Journal of Dynamic Systems Measurement and Control ◽

10.1115/1.4027173 ◽

2014 ◽

Vol 136 (5) ◽

Cited By ~ 10

Author(s):

Hossein Gholizadeh ◽

Doug Bitner ◽

Richard Burton ◽

Greg Schoenau

Keyword(s):

Experimental Data ◽

Bulk Modulus ◽

Theoretical Models ◽

Operating Conditions ◽

Air Bubbles ◽

Pressure Sensitivity ◽

Hydraulic Oil ◽

Effective Bulk Modulus ◽

Experimental Apparatus ◽

Major Factors

It is well known that the presence of entrained air bubbles in hydraulic oil can significantly reduce the effective bulk modulus of hydraulic oil.
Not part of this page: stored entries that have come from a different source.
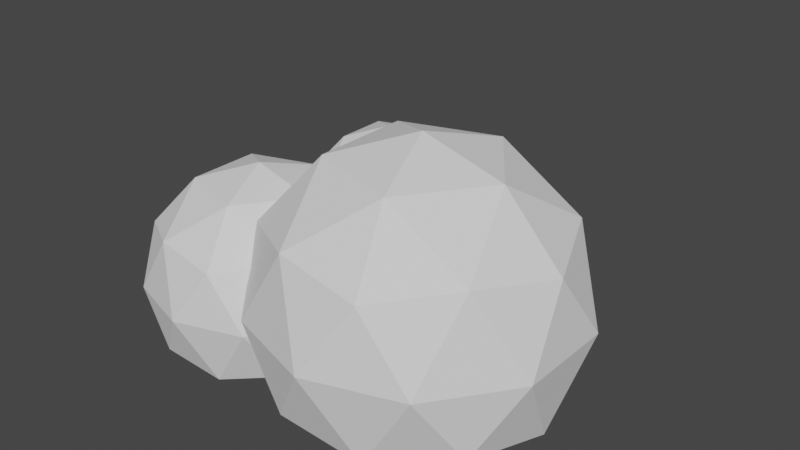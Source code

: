 # Source: BerryTree.blend  (saved by Blender 2.81.16; exported with 4.5.12 LTS)
import bpy
from mathutils import Matrix  # noqa: F401  (used for matrix-valued properties, if any)

bpy.ops.wm.read_factory_settings(use_empty=True)
scene = bpy.context.scene
scene.name = 'Scene'

# ---- collections
col_collection = bpy.data.collections.new('Collection'); scene.collection.children.link(col_collection)

# ---- world
world_world = bpy.data.worlds.new('World'); scene.world = world_world
world_world.use_nodes = True; world_world.node_tree.nodes.clear()
_N = world_world.node_tree.nodes; _L = world_world.node_tree.links
n0 = _N.new('ShaderNodeOutputWorld'); n0.name = 'World Output'; n0.location = (300, 300)
n1 = _N.new('ShaderNodeBackground'); n1.name = 'Background'; n1.location = (10, 300)
n1.inputs[0].default_value = (0.05088, 0.05088, 0.05088, 1.0)
_L.new(n1.outputs[0], n0.inputs[0])
n0.is_active_output = True
world_world.color = (0.05088, 0.05088, 0.05088)
world_world.use_sun_shadow = False
world_world.sun_shadow_jitter_overblur = 0.0

# ---- meshes
me_004 = bpy.data.meshes.new('棱角球.004')
me_004.from_pydata([(0.4131, -0.3001, -0.2553), (-0.1578, -0.4856, -0.2553), (-0.5106, -5.116e-08, -0.2553), (-0.1578, 0.4856, -0.2553), (0.4131, 0.3001, -0.2553), (0.1578, -0.4856, 0.2553), (-0.4131, -0.3001, 0.2553), (-0.4131, 0.3001, 0.2553), (0.1578, 0.4856, 0.2553), (0.5106, -5.116e-08, 0.2553), (0.0, -5.116e-08, 0.5709), (0.1501, -0.4618, -0.3001), (0.4856, -5.116e-08, -0.3001), (-0.3929, -0.2854, -0.3001), (-0.3929, 0.2854, -0.3001), (0.1501, 0.4618, -0.3001), (0.5429, -0.1764, 6.09e-10), (0.5429, 0.1764, 6.09e-10), (0.0, -0.5709, 6.09e-10), (0.3355, -0.4618, 6.09e-10), (-0.5429, -0.1764, 6.09e-10), (-0.3355, -0.4618, 6.09e-10), (-0.3355, 0.4618, 6.09e-10), (-0.5429, 0.1764, 6.09e-10), (0.3355, 0.4618, 6.09e-10), (0.0, 0.5709, 6.09e-10), (0.3929, -0.2854, 0.3001), (-0.1501, -0.4618, 0.3001), (-0.4856, -5.116e-08, 0.3001), (-0.1501, 0.4618, 0.3001), (0.3929, 0.2854, 0.3001), (0.09274, -0.2854, 0.4856), (0.3001, -5.116e-08, 0.4856), (-0.2428, -0.1764, 0.4856), (-0.2428, 0.1764, 0.4856), (0.09274, 0.2854, 0.4856), (0.908, 0.23, -0.2962), (0.2457, 0.01476, -0.2962), (-0.1636, 0.5782, -0.2962), (0.2457, 1.142, -0.2962), (0.908, 0.9263, -0.2962), (0.6118, 0.01476, 0.2962), (-0.05051, 0.23, 0.2962), (-0.05051, 0.9263, 0.2962), (0.6118, 1.142, 0.2962), (1.021, 0.5782, 0.2962), (0.4287, 0.5782, 0.6623), (0.6028, 0.04234, -0.3482), (0.9921, 0.5782, -0.3482), (-0.02705, 0.247, -0.3482), (-0.02705, 0.9093, -0.3482), (0.6028, 1.114, -0.3482), (1.059, 0.3735, 7.066e-10), (1.059, 0.7828, 7.066e-10), (0.4287, -0.08416, 7.066e-10), (0.818, 0.04233, 7.066e-10), (-0.2012, 0.3735, 7.066e-10), (0.03945, 0.04233, 7.066e-10), (0.03945, 1.114, 7.066e-10), (-0.2012, 0.7828, 7.066e-10), (0.818, 1.114, 7.066e-10), (0.4287, 1.24, 7.066e-10), (0.8845, 0.247, 0.3482), (0.2546, 0.04234, 0.3482), (-0.1347, 0.5782, 0.3482), (0.2546, 1.114, 0.3482), (0.8845, 0.9093, 0.3482), (0.5363, 0.247, 0.5634), (0.7769, 0.5782, 0.5634), (0.147, 0.3735, 0.5634), (0.147, 0.7828, 0.5634), (0.5363, 0.9093, 0.5634), (0.2911, 0.7069, -0.2), (-0.1561, 0.5616, -0.2), (-0.4324, 0.9419, -0.2), (-0.1561, 1.322, -0.2), (0.2911, 1.177, -0.2), (0.0911, 0.5616, 0.2), (-0.356, 0.7069, 0.2), (-0.356, 1.177, 0.2), (0.0911, 1.322, 0.2), (0.3674, 0.9419, 0.2), (-0.03248, 0.9419, 0.4471), (0.08506, 0.5802, -0.2351), (0.3479, 0.9419, -0.2351), (-0.3402, 0.7184, -0.2351), (-0.3402, 1.166, -0.2351), (0.08506, 1.304, -0.2351), (0.3928, 0.8038, 4.77e-10), (0.3928, 1.08, 4.77e-10), (-0.03248, 0.4948, 4.77e-10), (0.2303, 0.5802, 4.77e-10), (-0.4577, 0.8038, 4.77e-10), (-0.2953, 0.5802, 4.77e-10), (-0.2953, 1.304, 4.77e-10), (-0.4577, 1.08, 4.77e-10), (0.2303, 1.304, 4.77e-10), (-0.03248, 1.389, 4.77e-10), (0.2752, 0.7184, 0.2351), (-0.15, 0.5802, 0.2351), (-0.4128, 0.9419, 0.2351), (-0.15, 1.304, 0.2351), (0.2752, 1.166, 0.2351), (0.04016, 0.7184, 0.3804), (0.2026, 0.9419, 0.3804), (-0.2227, 0.8038, 0.3804), (-0.2227, 1.08, 0.3804), (0.04016, 1.166, 0.3804), (1.378, -0.2467, -0.2626), (0.587, -0.5036, -0.2626), (0.09846, 0.1689, -0.2626), (0.587, 0.8414, -0.2626), (1.378, 0.5845, -0.2626), (1.024, -0.5036, 0.4445), (0.2335, -0.2467, 0.4445), (0.2335, 0.5845, 0.4445), (1.024, 0.8414, 0.4445), (1.513, 0.1689, 0.4445), (0.8055, 0.1689, 0.8815), (1.013, -0.4706, -0.3247), (1.478, 0.1689, -0.3247), (0.2615, -0.2264, -0.3247), (0.2615, 0.5642, -0.3247), (1.013, 0.8084, -0.3247), (1.557, -0.07538, 0.09095), (1.557, 0.4132, 0.09095), (0.8055, -0.6216, 0.09095), (1.27, -0.4706, 0.09095), (0.05369, -0.07538, 0.09095), (0.3409, -0.4706, 0.09095), (0.3409, 0.8084, 0.09095), (0.05369, 0.4132, 0.09095), (1.27, 0.8084, 0.09095), (0.8055, 0.9594, 0.09095), (1.35, -0.2264, 0.5066), (0.5977, -0.4706, 0.5066), (0.1331, 0.1689, 0.5066), (0.5977, 0.8084, 0.5066), (1.35, 0.5642, 0.5066), (0.9339, -0.2264, 0.7634), (1.221, 0.1689, 0.7634), (0.4693, -0.07538, 0.7634), (0.4693, 0.4132, 0.7634), (0.9339, 0.5642, 0.7634)], [], [(0, 12, 16), (1, 11, 18), (2, 13, 20), (3, 14, 22), (4, 15, 24), (0, 16, 19), (1, 18, 21), (2, 20, 23), (3, 22, 25), (4, 24, 17), (5, 26, 31), (6, 27, 33), (7, 28, 34), (8, 29, 35), (9, 30, 32), (32, 35, 10), (32, 30, 35), (30, 8, 35), (35, 34, 10), (35, 29, 34), (29, 7, 34), (34, 33, 10), (34, 28, 33), (28, 6, 33), (33, 31, 10), (33, 27, 31), (27, 5, 31), (31, 32, 10), (31, 26, 32), (26, 9, 32), (17, 30, 9), (17, 24, 30), (24, 8, 30), (25, 29, 8), (25, 22, 29), (22, 7, 29), (23, 28, 7), (23, 20, 28), (20, 6, 28), (21, 27, 6), (21, 18, 27), (18, 5, 27), (19, 26, 5), (19, 16, 26), (16, 9, 26), (24, 25, 8), (24, 15, 25), (15, 3, 25), (22, 23, 7), (22, 14, 23), (14, 2, 23), (20, 21, 6), (20, 13, 21), (13, 1, 21), (18, 19, 5), (18, 11, 19), (11, 0, 19), (16, 17, 9), (16, 12, 17), (12, 4, 17), (11, 13, 12), (14, 15, 12), (12, 15, 4), (14, 3, 15), (13, 2, 14), (11, 1, 13), (0, 11, 12), (12, 13, 14), (36, 48, 52), (37, 47, 54), (38, 49, 56), (39, 50, 58), (40, 51, 60), (36, 52, 55), (37, 54, 57), (38, 56, 59), (39, 58, 61), (40, 60, 53), (41, 62, 67), (42, 63, 69), (43, 64, 70), (44, 65, 71), (45, 66, 68), (68, 71, 46), (68, 66, 71), (66, 44, 71), (71, 70, 46), (71, 65, 70), (65, 43, 70), (70, 69, 46), (70, 64, 69), (64, 42, 69), (69, 67, 46), (69, 63, 67), (63, 41, 67), (67, 68, 46), (67, 62, 68), (62, 45, 68), (53, 66, 45), (53, 60, 66), (60, 44, 66), (61, 65, 44), (61, 58, 65), (58, 43, 65), (59, 64, 43), (59, 56, 64), (56, 42, 64), (57, 63, 42), (57, 54, 63), (54, 41, 63), (55, 62, 41), (55, 52, 62), (52, 45, 62), (60, 61, 44), (60, 51, 61), (51, 39, 61), (58, 59, 43), (58, 50, 59), (50, 38, 59), (56, 57, 42), (56, 49, 57), (49, 37, 57), (54, 55, 41), (54, 47, 55), (47, 36, 55), (52, 53, 45), (52, 48, 53), (48, 40, 53), (47, 49, 48), (50, 51, 48), (48, 51, 40), (50, 39, 51), (49, 38, 50), (47, 37, 49), (36, 47, 48), (48, 49, 50), (72, 84, 88), (73, 83, 90), (74, 85, 92), (75, 86, 94), (76, 87, 96), (72, 88, 91), (73, 90, 93), (74, 92, 95), (75, 94, 97), (76, 96, 89), (77, 98, 103), (78, 99, 105), (79, 100, 106), (80, 101, 107), (81, 102, 104), (104, 107, 82), (104, 102, 107), (102, 80, 107), (107, 106, 82), (107, 101, 106), (101, 79, 106), (106, 105, 82), (106, 100, 105), (100, 78, 105), (105, 103, 82), (105, 99, 103), (99, 77, 103), (103, 104, 82), (103, 98, 104), (98, 81, 104), (89, 102, 81), (89, 96, 102), (96, 80, 102), (97, 101, 80), (97, 94, 101), (94, 79, 101), (95, 100, 79), (95, 92, 100), (92, 78, 100), (93, 99, 78), (93, 90, 99), (90, 77, 99), (91, 98, 77), (91, 88, 98), (88, 81, 98), (96, 97, 80), (96, 87, 97), (87, 75, 97), (94, 95, 79), (94, 86, 95), (86, 74, 95), (92, 93, 78), (92, 85, 93), (85, 73, 93), (90, 91, 77), (90, 83, 91), (83, 72, 91), (88, 89, 81), (88, 84, 89), (84, 76, 89), (83, 85, 84), (86, 87, 84), (84, 87, 76), (86, 75, 87), (85, 74, 86), (83, 73, 85), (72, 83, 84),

The effective bulk modulus of a mixture of oil and air as pressure changes is considerably different than when the oil and air are not mixed. Theoretical models have been proposed in the literature to simulate the pressure sensitivity of the effective bulk modulus of this mixture. However, limited amounts of experimental data are available to prove the validity of the models under various operating conditions. The major factors that affect pressure sensitivity of the effective bulk modulus of the mixture are the amount of air bubbles, their size and the distribution, and rate of compression of the mixture. An experimental apparatus was designed to investigate the effect of these variables on the effective bulk modulus of the mixture. The experimental results were compared with existing theoretical models, and it was found that the theoretical models only matched the experimental data under specific conditions. The purpose of this paper is to specify the conditions in which the current theoretical models can be used to represent the real behavior of the pressure sensitivity of the effective bulk modulus of the mixture. Additionally, a new theoretical model is proposed for situations where the current models fail to truly represent the experimental data.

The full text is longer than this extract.